# West of Denver



## Mountain Homestead (Oct 24, 2010)

Hello everyone!

My wife and I have decided to jump into bees. We are excited to get a couple hives going in the spring, but in the mean time, we are trying to absorb as much information as possible.

We live at 9000ft. in elevation and our winters can be cooler than most in the area, so we know that we will have a 'special' set of issues to deal with!

Finding other beekeepers in the Colorado area would be a nice bonus!

Thanks for all the help you have already provided, and thanks ahead of time for all the future help!!

Dan


----------



## alpha6 (May 12, 2008)

Welcome fellow Coloradoan. Over further west from you with yards at 8200 ft. Any questions fell free to PM me.


----------



## Specialkayme (Sep 4, 2005)

Welcome to the site!

I'm not very familiar with the Denver area, but make sure you find a local beekeepers association. Get a good mentor, and learn all you can.

Enjoy!


----------



## Mountain Homestead (Oct 24, 2010)

Thanks Alpha6, I will remember that, (and try not to be a pest!).


----------



## Michael Bush (Aug 2, 2002)

7200 ft is the highest I've had bees. In Laramie. But they did fine. Winters, of course, are the biggest issue. Wind is next. In Laramie it never stopped blowing and the bees had difficulty foraging.

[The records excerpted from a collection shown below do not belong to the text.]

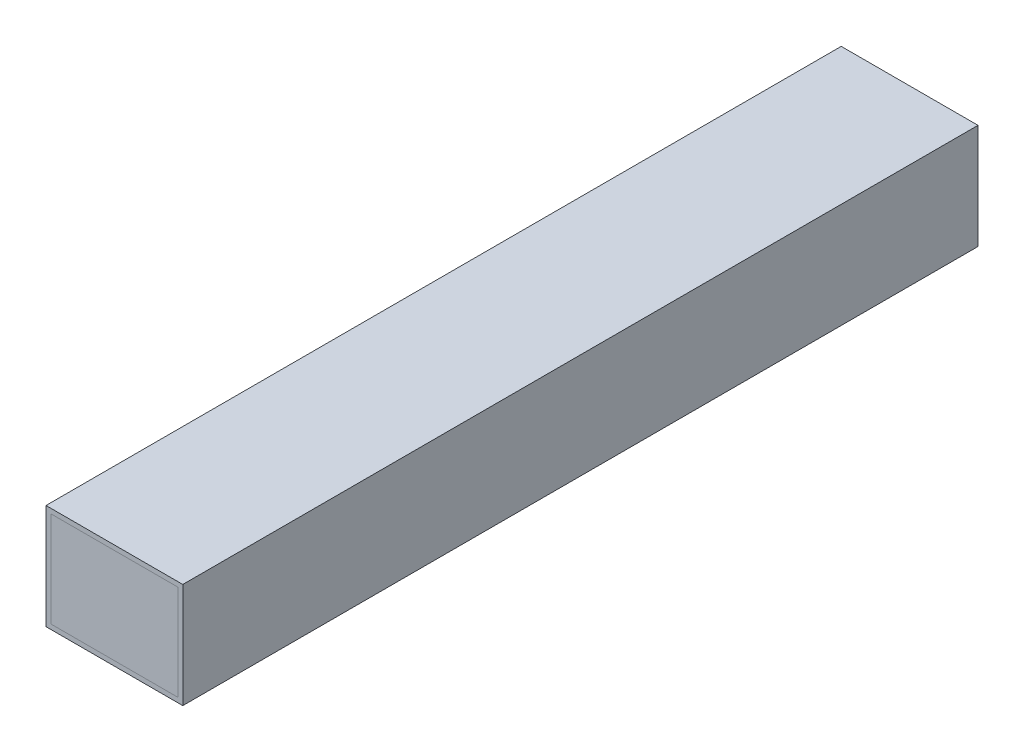
ISO-10303-21;
HEADER;
FILE_DESCRIPTION(('STEP AP214'),'2;1');
FILE_NAME('part.step','',(''),(''),'','','');
FILE_SCHEMA(('AUTOMOTIVE_DESIGN { 1 0 10303 214 1 1 1 1 }'));
ENDSEC;
DATA;
#1=APPLICATION_CONTEXT('core data for automotive mechanical design processes');
#2=APPLICATION_PROTOCOL_DEFINITION('international standard','automotive_design',2000,#1);
#3=PRODUCT_CONTEXT('',#1,'mechanical');
#4=PRODUCT('Part','Part','',(#3));
#5=PRODUCT_RELATED_PRODUCT_CATEGORY('part','',(#4));
#6=PRODUCT_DEFINITION_FORMATION('','',#4);
#7=PRODUCT_DEFINITION_CONTEXT('part definition',#1,'design');
#8=PRODUCT_DEFINITION('design','',#6,#7);
#9=PRODUCT_DEFINITION_SHAPE('','',#8);
#10=(LENGTH_UNIT() NAMED_UNIT(*) SI_UNIT(.MILLI.,.METRE.));
#11=(NAMED_UNIT(*) PLANE_ANGLE_UNIT() SI_UNIT($,.RADIAN.));
#12=(NAMED_UNIT(*) SI_UNIT($,.STERADIAN.) SOLID_ANGLE_UNIT());
#13=UNCERTAINTY_MEASURE_WITH_UNIT(LENGTH_MEASURE(1.E-05),#10,'distance_accuracy_value','');
#14=(GEOMETRIC_REPRESENTATION_CONTEXT(3) GLOBAL_UNCERTAINTY_ASSIGNED_CONTEXT((#13)) GLOBAL_UNIT_ASSIGNED_CONTEXT((#10,
#11,#12)) REPRESENTATION_CONTEXT('',''));
#15=CARTESIAN_POINT('',(0.,0.,0.));
#16=DIRECTION('',(0.,0.,1.));
#17=DIRECTION('',(1.,0.,0.));
#18=AXIS2_PLACEMENT_3D('',#15,#16,#17);
#19=CARTESIAN_POINT('',(-20.,15.,125.));
#20=DIRECTION('',(1.,0.,0.));
#21=DIRECTION('',(0.,0.,-1.));
#22=AXIS2_PLACEMENT_3D('',#19,#20,#21);
#23=PLANE('',#22);
#24=DIRECTION('',(0.,-1.,0.));
#25=VECTOR('',#24,1.);
#26=CARTESIAN_POINT('',(-20.,15.,-125.));
#27=LINE('',#26,#25);
#28=CARTESIAN_POINT('',(-20.,15.,-125.));
#29=VERTEX_POINT('',#28);
#30=CARTESIAN_POINT('',(-20.,-16.000580385734,-125.));
#31=VERTEX_POINT('',#30);
#32=EDGE_CURVE('E135',#29,#31,#27,.T.);
#33=ORIENTED_EDGE('',*,*,#32,.T.);
#34=DIRECTION('',(0.,0.,-1.));
#35=VECTOR('',#34,1.);
#36=CARTESIAN_POINT('',(-20.,-16.000580385734,125.));
#37=LINE('',#36,#35);
#38=CARTESIAN_POINT('',(-20.,-16.000580385734,125.));
#39=VERTEX_POINT('',#38);
#40=EDGE_CURVE('E13',#39,#31,#37,.T.);
#41=ORIENTED_EDGE('',*,*,#40,.F.);
#42=DIRECTION('',(0.,-1.,0.));
#43=VECTOR('',#42,1.);
#44=CARTESIAN_POINT('',(-20.,15.,125.));
#45=LINE('',#44,#43);
#46=CARTESIAN_POINT('',(-20.,15.,125.));
#47=VERTEX_POINT('',#46);
#48=EDGE_CURVE('E123',#47,#39,#45,.T.);
#49=ORIENTED_EDGE('',*,*,#48,.F.);
#50=DIRECTION('',(0.,0.,-1.));
#51=VECTOR('',#50,1.);
#52=CARTESIAN_POINT('',(-20.,15.,125.));
#53=LINE('',#52,#51);
#54=EDGE_CURVE('E131',#47,#29,#53,.T.);
#55=ORIENTED_EDGE('',*,*,#54,.T.);
#56=EDGE_LOOP('',(#33,#41,#49,#55));
#57=FACE_BOUND('',#56,.T.);
#58=ADVANCED_FACE('F72',(#57),#23,.F.);
#59=CARTESIAN_POINT('',(-20.,-16.000580385734,125.));
#60=DIRECTION('',(0.,1.,0.));
#61=DIRECTION('',(0.,0.,1.));
#62=AXIS2_PLACEMENT_3D('',#59,#60,#61);
#63=PLANE('',#62);
#64=DIRECTION('',(1.,0.,0.));
#65=VECTOR('',#64,1.);
#66=CARTESIAN_POINT('',(-20.,-16.000580385734,-125.));
#67=LINE('',#66,#65);
#68=CARTESIAN_POINT('',(19.9966618023375,-16.000580385734,-125.));
#69=VERTEX_POINT('',#68);
#70=EDGE_CURVE('E127',#31,#69,#67,.T.);
#71=ORIENTED_EDGE('',*,*,#70,.T.);
#72=DIRECTION('',(0.,0.,-1.));
#73=VECTOR('',#72,1.);
#74=CARTESIAN_POINT('',(19.9966618023375,-16.000580385734,125.));
#75=LINE('',#74,#73);
#76=CARTESIAN_POINT('',(19.9966618023375,-16.000580385734,125.));
#77=VERTEX_POINT('',#76);
#78=EDGE_CURVE('E80',#77,#69,#75,.T.);
#79=ORIENTED_EDGE('',*,*,#78,.F.);
#80=DIRECTION('',(1.,0.,0.));
#81=VECTOR('',#80,1.);
#82=CARTESIAN_POINT('',(-20.,-16.000580385734,125.));
#83=LINE('',#82,#81);
#84=EDGE_CURVE('E118',#39,#77,#83,.T.);
#85=ORIENTED_EDGE('',*,*,#84,.F.);
#86=ORIENTED_EDGE('',*,*,#40,.T.);
#87=EDGE_LOOP('',(#71,#79,#85,#86));
#88=FACE_BOUND('',#87,.T.);
#89=ADVANCED_FACE('F126',(#88),#63,.F.);
#90=CARTESIAN_POINT('',(19.9966618023375,15.,125.));
#91=DIRECTION('',(-1.,0.,0.));
#92=DIRECTION('',(0.,-1.,0.));
#93=AXIS2_PLACEMENT_3D('',#90,#91,#92);
#94=PLANE('',#93);
#95=DIRECTION('',(0.,1.,0.));
#96=VECTOR('',#95,1.);
#97=CARTESIAN_POINT('',(19.9966618023375,15.,-125.));
#98=LINE('',#97,#96);
#99=CARTESIAN_POINT('',(19.9966618023375,15.,-125.));
#100=VERTEX_POINT('',#99);
#101=EDGE_CURVE('E105',#69,#100,#98,.T.);
#102=ORIENTED_EDGE('',*,*,#101,.T.);
#103=DIRECTION('',(0.,0.,-1.));
#104=VECTOR('',#103,1.);
#105=CARTESIAN_POINT('',(19.9966618023375,15.,125.));
#106=LINE('',#105,#104);
#107=CARTESIAN_POINT('',(19.9966618023375,15.,125.));
#108=VERTEX_POINT('',#107);
#109=EDGE_CURVE('E128',#108,#100,#106,.T.);
#110=ORIENTED_EDGE('',*,*,#109,.F.);
#111=DIRECTION('',(0.,1.,0.));
#112=VECTOR('',#111,1.);
#113=CARTESIAN_POINT('',(19.9966618023375,15.,125.));
#114=LINE('',#113,#112);
#115=EDGE_CURVE('E121',#77,#108,#114,.T.);
#116=ORIENTED_EDGE('',*,*,#115,.F.);
#117=ORIENTED_EDGE('',*,*,#78,.T.);
#118=EDGE_LOOP('',(#102,#110,#116,#117));
#119=FACE_BOUND('',#118,.T.);
#120=ADVANCED_FACE('F129',(#119),#94,.F.);
#121=CARTESIAN_POINT('',(-20.,15.,125.));
#122=DIRECTION('',(0.,-1.,0.));
#123=DIRECTION('',(0.,0.,-1.));
#124=AXIS2_PLACEMENT_3D('',#121,#122,#123);
#125=PLANE('',#124);
#126=DIRECTION('',(-1.,0.,0.));
#127=VECTOR('',#126,1.);
#128=CARTESIAN_POINT('',(-20.,15.,-125.));
#129=LINE('',#128,#127);
#130=EDGE_CURVE('E111',#100,#29,#129,.T.);
#131=ORIENTED_EDGE('',*,*,#130,.T.);
#132=ORIENTED_EDGE('',*,*,#54,.F.);
#133=DIRECTION('',(-1.,0.,0.));
#134=VECTOR('',#133,1.);
#135=CARTESIAN_POINT('',(-20.,15.,125.));
#136=LINE('',#135,#134);
#137=EDGE_CURVE('E88',#108,#47,#136,.T.);
#138=ORIENTED_EDGE('',*,*,#137,.F.);
#139=ORIENTED_EDGE('',*,*,#109,.T.);
#140=EDGE_LOOP('',(#131,#132,#138,#139));
#141=FACE_BOUND('',#140,.T.);
#142=ADVANCED_FACE('F142',(#141),#125,.F.);
#143=CARTESIAN_POINT('',(0.,0.,125.));
#144=DIRECTION('',(0.,0.,1.));
#145=DIRECTION('',(1.,0.,0.));
#146=AXIS2_PLACEMENT_3D('',#143,#144,#145);
#147=PLANE('',#146);
#148=ORIENTED_EDGE('',*,*,#48,.T.);
#149=ORIENTED_EDGE('',*,*,#84,.T.);
#150=ORIENTED_EDGE('',*,*,#115,.T.);
#151=ORIENTED_EDGE('',*,*,#137,.T.);
#152=EDGE_LOOP('',(#148,#149,#150,#151));
#153=FACE_BOUND('',#152,.T.);
#154=ADVANCED_FACE('F119',(#153),#147,.T.);
#155=CARTESIAN_POINT('',(0.,0.,-125.));
#156=DIRECTION('',(0.,0.,1.));
#157=DIRECTION('',(1.,0.,0.));
#158=AXIS2_PLACEMENT_3D('',#155,#156,#157);
#159=PLANE('',#158);
#160=ORIENTED_EDGE('',*,*,#32,.F.);
#161=ORIENTED_EDGE('',*,*,#130,.F.);
#162=ORIENTED_EDGE('',*,*,#101,.F.);
#163=ORIENTED_EDGE('',*,*,#70,.F.);
#164=EDGE_LOOP('',(#160,#161,#162,#163));
#165=FACE_BOUND('',#164,.T.);
#166=ADVANCED_FACE('F145',(#165),#159,.F.);
#167=CLOSED_SHELL('',(#58,#89,#120,#142,#154,#166));
#168=MANIFOLD_SOLID_BREP('B2',#167);
#169=CARTESIAN_POINT('',(0.,0.,100.));
#170=DIRECTION('',(0.,0.,1.));
#171=DIRECTION('',(1.,0.,0.));
#172=AXIS2_PLACEMENT_3D('',#169,#170,#171);
#173=CYLINDRICAL_SURFACE('',#172,0.300000000000001);
#174=CARTESIAN_POINT('',(0.,0.,90.0006526384106));
#175=DIRECTION('',(0.,0.,1.));
#176=DIRECTION('',(1.,0.,0.));
#177=AXIS2_PLACEMENT_3D('',#174,#175,#176);
#178=CIRCLE('',#177,0.300000000000003);
#179=CARTESIAN_POINT('',(0.300000000000003,0.,90.0006526384106));
#180=VERTEX_POINT('',#179);
#181=EDGE_CURVE('E227',#180,#180,#178,.T.);
#182=ORIENTED_EDGE('',*,*,#181,.F.);
#183=EDGE_LOOP('',(#182));
#184=FACE_BOUND('',#183,.T.);
#185=CARTESIAN_POINT('',(0.,0.,-33.0761005211329));
#186=DIRECTION('',(0.,0.,-1.));
#187=DIRECTION('',(-1.,0.,0.));
#188=AXIS2_PLACEMENT_3D('',#185,#186,#187);
#189=CIRCLE('',#188,0.300000000000001);
#190=CARTESIAN_POINT('',(-0.300000000000001,0.,-33.0761005211329));
#191=VERTEX_POINT('',#190);
#192=EDGE_CURVE('E70',#191,#191,#189,.F.);
#193=ORIENTED_EDGE('',*,*,#192,.T.);
#194=EDGE_LOOP('',(#193));
#195=FACE_BOUND('',#194,.T.);
#196=ADVANCED_FACE('F205',(#184,#195),#173,.T.);
#197=CARTESIAN_POINT('',(0.,0.,90.0006526384106));
#198=DIRECTION('',(0.,0.,1.));
#199=DIRECTION('',(1.,0.,0.));
#200=AXIS2_PLACEMENT_3D('',#197,#198,#199);
#201=TOROIDAL_SURFACE('',#200,0.35,0.0499999999999973);
#202=CARTESIAN_POINT('',(0.,0.,90.0506526384106));
#203=DIRECTION('',(0.,0.,1.));
#204=DIRECTION('',(1.,0.,0.));
#205=AXIS2_PLACEMENT_3D('',#202,#203,#204);
#206=CIRCLE('',#205,0.35);
#207=CARTESIAN_POINT('',(0.35,0.,90.0506526384106));
#208=VERTEX_POINT('',#207);
#209=EDGE_CURVE('E224',#208,#208,#206,.T.);
#210=ORIENTED_EDGE('',*,*,#209,.F.);
#211=EDGE_LOOP('',(#210));
#212=FACE_BOUND('',#211,.T.);
#213=ORIENTED_EDGE('',*,*,#181,.T.);
#214=EDGE_LOOP('',(#213));
#215=FACE_BOUND('',#214,.T.);
#216=ADVANCED_FACE('F245',(#212,#215),#201,.F.);
#217=CARTESIAN_POINT('',(-2.64008499641477,0.,90.0506526384106));
#218=DIRECTION('',(0.,0.,1.));
#219=DIRECTION('',(1.,0.,0.));
#220=AXIS2_PLACEMENT_3D('',#217,#218,#219);
#221=PLANE('',#220);
#222=CARTESIAN_POINT('',(0.,0.,90.0506526384106));
#223=DIRECTION('',(0.,0.,1.));
#224=DIRECTION('',(1.,0.,0.));
#225=AXIS2_PLACEMENT_3D('',#222,#223,#224);
#226=CIRCLE('',#225,2.64008499641477);
#227=CARTESIAN_POINT('',(2.64008499641477,0.,90.0506526384106));
#228=VERTEX_POINT('',#227);
#229=EDGE_CURVE('E222',#228,#228,#226,.T.);
#230=ORIENTED_EDGE('',*,*,#229,.F.);
#231=EDGE_LOOP('',(#230));
#232=FACE_BOUND('',#231,.T.);
#233=ORIENTED_EDGE('',*,*,#209,.T.);
#234=EDGE_LOOP('',(#233));
#235=FACE_BOUND('',#234,.T.);
#236=ADVANCED_FACE('F218',(#232,#235),#221,.F.);
#237=CARTESIAN_POINT('',(0.,0.,90.0506526384106));
#238=DIRECTION('',(0.,0.,-1.));
#239=DIRECTION('',(-1.,0.,0.));
#240=AXIS2_PLACEMENT_3D('',#237,#238,#239);
#241=CONICAL_SURFACE('',#240,2.64008499641477,0.259375146902593);
#242=CARTESIAN_POINT('',(0.,0.,100.));
#243=VERTEX_POINT('',#242);
#244=VERTEX_LOOP('',#243);
#245=FACE_BOUND('',#244,.T.);
#246=ORIENTED_EDGE('',*,*,#229,.T.);
#247=EDGE_LOOP('',(#246));
#248=FACE_BOUND('',#247,.T.);
#249=ADVANCED_FACE('F215',(#245,#248),#241,.T.);
#250=CARTESIAN_POINT('',(0.,0.,-40.7234793438795));
#251=DIRECTION('',(-1.,0.,0.));
#252=DIRECTION('',(0.,0.,-1.));
#253=AXIS2_PLACEMENT_3D('',#250,#251,#252);
#254=SPHERICAL_SURFACE('',#253,7.65326092973403);
#255=CARTESIAN_POINT('',(0.,0.,-40.7234793438795));
#256=DIRECTION('',(0.,0.,1.));
#257=DIRECTION('',(1.,0.,0.));
#258=AXIS2_PLACEMENT_3D('',#255,#256,#257);
#259=SPHERICAL_SURFACE('',#258,7.65326092973403);
#260=CARTESIAN_POINT('',(0.,0.,-48.3708581666261));
#261=DIRECTION('',(0.,0.,1.));
#262=DIRECTION('',(1.,0.,0.));
#263=AXIS2_PLACEMENT_3D('',#260,#261,#262);
#264=CIRCLE('',#263,0.300000000000001);
#265=CARTESIAN_POINT('',(0.300000000000001,0.,-48.3708581666261));
#266=VERTEX_POINT('',#265);
#267=EDGE_CURVE('E212',#266,#266,#264,.F.);
#268=ORIENTED_EDGE('',*,*,#267,.F.);
#269=EDGE_LOOP('',(#268));
#270=FACE_BOUND('',#269,.T.);
#271=ORIENTED_EDGE('',*,*,#192,.F.);
#272=EDGE_LOOP('',(#271));
#273=FACE_BOUND('',#272,.T.);
#274=ADVANCED_FACE('F207',(#270,#273),#259,.T.);
#275=CARTESIAN_POINT('',(0.,0.,-100.));
#276=DIRECTION('',(0.,0.,1.));
#277=DIRECTION('',(1.,0.,0.));
#278=AXIS2_PLACEMENT_3D('',#275,#276,#277);
#279=PLANE('',#278);
#280=CARTESIAN_POINT('',(0.,0.,-100.));
#281=DIRECTION('',(0.,0.,1.));
#282=DIRECTION('',(1.,0.,0.));
#283=AXIS2_PLACEMENT_3D('',#280,#281,#282);
#284=CIRCLE('',#283,0.3);
#285=CARTESIAN_POINT('',(0.3,0.,-100.));
#286=VERTEX_POINT('',#285);
#287=EDGE_CURVE('E232',#286,#286,#284,.T.);
#288=ORIENTED_EDGE('',*,*,#287,.F.);
#289=EDGE_LOOP('',(#288));
#290=FACE_BOUND('',#289,.T.);
#291=ADVANCED_FACE('F241',(#290),#279,.F.);
#292=ORIENTED_EDGE('',*,*,#287,.T.);
#293=EDGE_LOOP('',(#292));
#294=FACE_BOUND('',#293,.T.);
#295=ORIENTED_EDGE('',*,*,#267,.T.);
#296=EDGE_LOOP('',(#295));
#297=FACE_BOUND('',#296,.T.);
#298=ADVANCED_FACE('F237',(#294,#297),#173,.T.);
#299=CLOSED_SHELL('',(#196,#216,#236,#249,#274,#291,#298));
#300=MANIFOLD_SOLID_BREP('B7',#299);
#301=CARTESIAN_POINT('',(20.,-15.,-25.));
#302=DIRECTION('',(0.,0.,-1.));
#303=DIRECTION('',(-1.,0.,0.));
#304=AXIS2_PLACEMENT_3D('',#301,#302,#303);
#305=PLANE('',#304);
#306=DIRECTION('',(0.,-1.,0.));
#307=VECTOR('',#306,1.);
#308=CARTESIAN_POINT('',(-20.,-15.,-25.));
#309=LINE('',#308,#307);
#310=CARTESIAN_POINT('',(-20.,-15.,-25.));
#311=VERTEX_POINT('',#310);
#312=CARTESIAN_POINT('',(-20.,-16.,-25.));
#313=VERTEX_POINT('',#312);
#314=EDGE_CURVE('E379',#311,#313,#309,.T.);
#315=ORIENTED_EDGE('',*,*,#314,.T.);
#316=DIRECTION('',(-1.,0.,0.));
#317=VECTOR('',#316,1.);
#318=CARTESIAN_POINT('',(20.,-16.,-25.));
#319=LINE('',#318,#317);
#320=CARTESIAN_POINT('',(20.,-16.,-25.));
#321=VERTEX_POINT('',#320);
#322=EDGE_CURVE('E203',#321,#313,#319,.T.);
#323=ORIENTED_EDGE('',*,*,#322,.F.);
#324=DIRECTION('',(0.,-1.,0.));
#325=VECTOR('',#324,1.);
#326=CARTESIAN_POINT('',(20.,-15.,-25.));
#327=LINE('',#326,#325);
#328=CARTESIAN_POINT('',(20.,-15.,-25.));
#329=VERTEX_POINT('',#328);
#330=EDGE_CURVE('E367',#329,#321,#327,.T.);
#331=ORIENTED_EDGE('',*,*,#330,.F.);
#332=DIRECTION('',(-1.,0.,0.));
#333=VECTOR('',#332,1.);
#334=CARTESIAN_POINT('',(20.,-15.,-25.));
#335=LINE('',#334,#333);
#336=EDGE_CURVE('E375',#329,#311,#335,.T.);
#337=ORIENTED_EDGE('',*,*,#336,.T.);
#338=EDGE_LOOP('',(#315,#323,#331,#337));
#339=FACE_BOUND('',#338,.T.);
#340=ADVANCED_FACE('F316',(#339),#305,.F.);
#341=CARTESIAN_POINT('',(20.,-16.,-25.));
#342=DIRECTION('',(0.,1.,0.));
#343=DIRECTION('',(0.,0.,1.));
#344=AXIS2_PLACEMENT_3D('',#341,#342,#343);
#345=PLANE('',#344);
#346=DIRECTION('',(0.,0.,-1.));
#347=VECTOR('',#346,1.);
#348=CARTESIAN_POINT('',(-20.,-16.,-25.));
#349=LINE('',#348,#347);
#350=CARTESIAN_POINT('',(-20.,-16.,-55.));
#351=VERTEX_POINT('',#350);
#352=EDGE_CURVE('E371',#313,#351,#349,.T.);
#353=ORIENTED_EDGE('',*,*,#352,.T.);
#354=DIRECTION('',(-1.,0.,0.));
#355=VECTOR('',#354,1.);
#356=CARTESIAN_POINT('',(20.,-16.,-55.));
#357=LINE('',#356,#355);
#358=CARTESIAN_POINT('',(20.,-16.,-55.));
#359=VERTEX_POINT('',#358);
#360=EDGE_CURVE('E324',#359,#351,#357,.T.);
#361=ORIENTED_EDGE('',*,*,#360,.F.);
#362=DIRECTION('',(0.,0.,-1.));
#363=VECTOR('',#362,1.);
#364=CARTESIAN_POINT('',(20.,-16.,-25.));
#365=LINE('',#364,#363);
#366=EDGE_CURVE('E362',#321,#359,#365,.T.);
#367=ORIENTED_EDGE('',*,*,#366,.F.);
#368=ORIENTED_EDGE('',*,*,#322,.T.);
#369=EDGE_LOOP('',(#353,#361,#367,#368));
#370=FACE_BOUND('',#369,.T.);
#371=ADVANCED_FACE('F370',(#370),#345,.F.);
#372=CARTESIAN_POINT('',(20.,-15.,-55.));
#373=DIRECTION('',(0.,0.,1.));
#374=DIRECTION('',(1.,0.,0.));
#375=AXIS2_PLACEMENT_3D('',#372,#373,#374);
#376=PLANE('',#375);
#377=DIRECTION('',(0.,1.,0.));
#378=VECTOR('',#377,1.);
#379=CARTESIAN_POINT('',(-20.,-15.,-55.));
#380=LINE('',#379,#378);
#381=CARTESIAN_POINT('',(-20.,-15.,-55.));
#382=VERTEX_POINT('',#381);
#383=EDGE_CURVE('E349',#351,#382,#380,.T.);
#384=ORIENTED_EDGE('',*,*,#383,.T.);
#385=DIRECTION('',(-1.,0.,0.));
#386=VECTOR('',#385,1.);
#387=CARTESIAN_POINT('',(20.,-15.,-55.));
#388=LINE('',#387,#386);
#389=CARTESIAN_POINT('',(20.,-15.,-55.));
#390=VERTEX_POINT('',#389);
#391=EDGE_CURVE('E372',#390,#382,#388,.T.);
#392=ORIENTED_EDGE('',*,*,#391,.F.);
#393=DIRECTION('',(0.,1.,0.));
#394=VECTOR('',#393,1.);
#395=CARTESIAN_POINT('',(20.,-15.,-55.));
#396=LINE('',#395,#394);
#397=EDGE_CURVE('E365',#359,#390,#396,.T.);
#398=ORIENTED_EDGE('',*,*,#397,.F.);
#399=ORIENTED_EDGE('',*,*,#360,.T.);
#400=EDGE_LOOP('',(#384,#392,#398,#399));
#401=FACE_BOUND('',#400,.T.);
#402=ADVANCED_FACE('F373',(#401),#376,.F.);
#403=CARTESIAN_POINT('',(20.,-15.,-25.));
#404=DIRECTION('',(0.,-1.,0.));
#405=DIRECTION('',(0.,0.,-1.));
#406=AXIS2_PLACEMENT_3D('',#403,#404,#405);
#407=PLANE('',#406);
#408=DIRECTION('',(0.,0.,1.));
#409=VECTOR('',#408,1.);
#410=CARTESIAN_POINT('',(-20.,-15.,-25.));
#411=LINE('',#410,#409);
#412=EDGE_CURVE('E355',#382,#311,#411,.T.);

But they did ok.


----------



## PuebloCO (Oct 1, 2010)

Welcome, Mountain.

As my screen name implies, I'm a couple house south of you. I'm in the same boat that you are (going to start a new colony in the Spring). I just bought my first hive last weekend. I know that there is the Pikes Peak Beekeeping Association in Colorado Springs. I don't know about the Denver area.


----------



## Laurence Hope (Aug 24, 2005)

From someone else "West of Denver" - Welcome!
Laurence


----------



## Mountain Homestead (Oct 24, 2010)

Thanks everyone for the warm welcomes! 

Michael - I've already been reading a lot of your posts and your website, and have taken a lot of it to heart. Wind isn't bad here, but since we literally live in the forest, finding a nice sunny spot so the hives can stay warm in the winter may be a challenge.

Pueblo - I've been checking out a couple local clubs near Denver, and hope to find one that is helpful. Good luck this next spring! We can compare hives!

Laurence - West of Denver and East of Japan! This board does make it a small world! Glad that I can draw on experience frome ALL over the place.


----------



## Ben Brewcat (Oct 27, 2004)

Hey Dan, welcome! We have a couple very good friends in your neck o' the woods. Talk to your club members, and just watch your bees. Your season will be short, so make sure they're healthy and prepared to capitalize on your flows like spring wildflowers. Some of the meadows in the valley floors can provide good forage in brief bursts, but areas that are "pine barrens" can be pretty thin (pine and spruce pollen is poor nutritional fare). Bears are a concern too: either fence or provide a good physical barrier. If you've lived there long you know what we're talking about .

Much of the non-commercial beekeeper literature focuses on suburban beeks who have mixed forage through much of a longer season, but you'll have short, intense bursts of forage in all likelihood. In part, it means is try to disturb them less when they're on a flow.


----------



## AmericasBeekeeper (Jan 24, 2010)

Welcome, are you going to nail and paint your hive now or this Winter? You can plan and dream as you go by the hive every day.


----------



## Mountain Homestead (Oct 24, 2010)

Thanks for the tips Ben! We do have bears, but also have an electric fence.  We ARE in a heavy pine area, and you are correct that there is not much additional forage on the forest floor. There are quite a few open meadows within 1 mile of us and we live right on the border of National Forest. I was initially worried about our lack of flowering plants, but then I read about beekeepers in HEAVY urban areas, and figured that if bees can thrive in Brooklyn, NY, we shouldn't have much of a problem!

I have started building boxes already, but haven't decided how I'm going to coat them. Paint sounds the easiest, but it seems like if I could find something more 'natural' to soak the wood in that would be ideal. I'm still open to ideas.


----------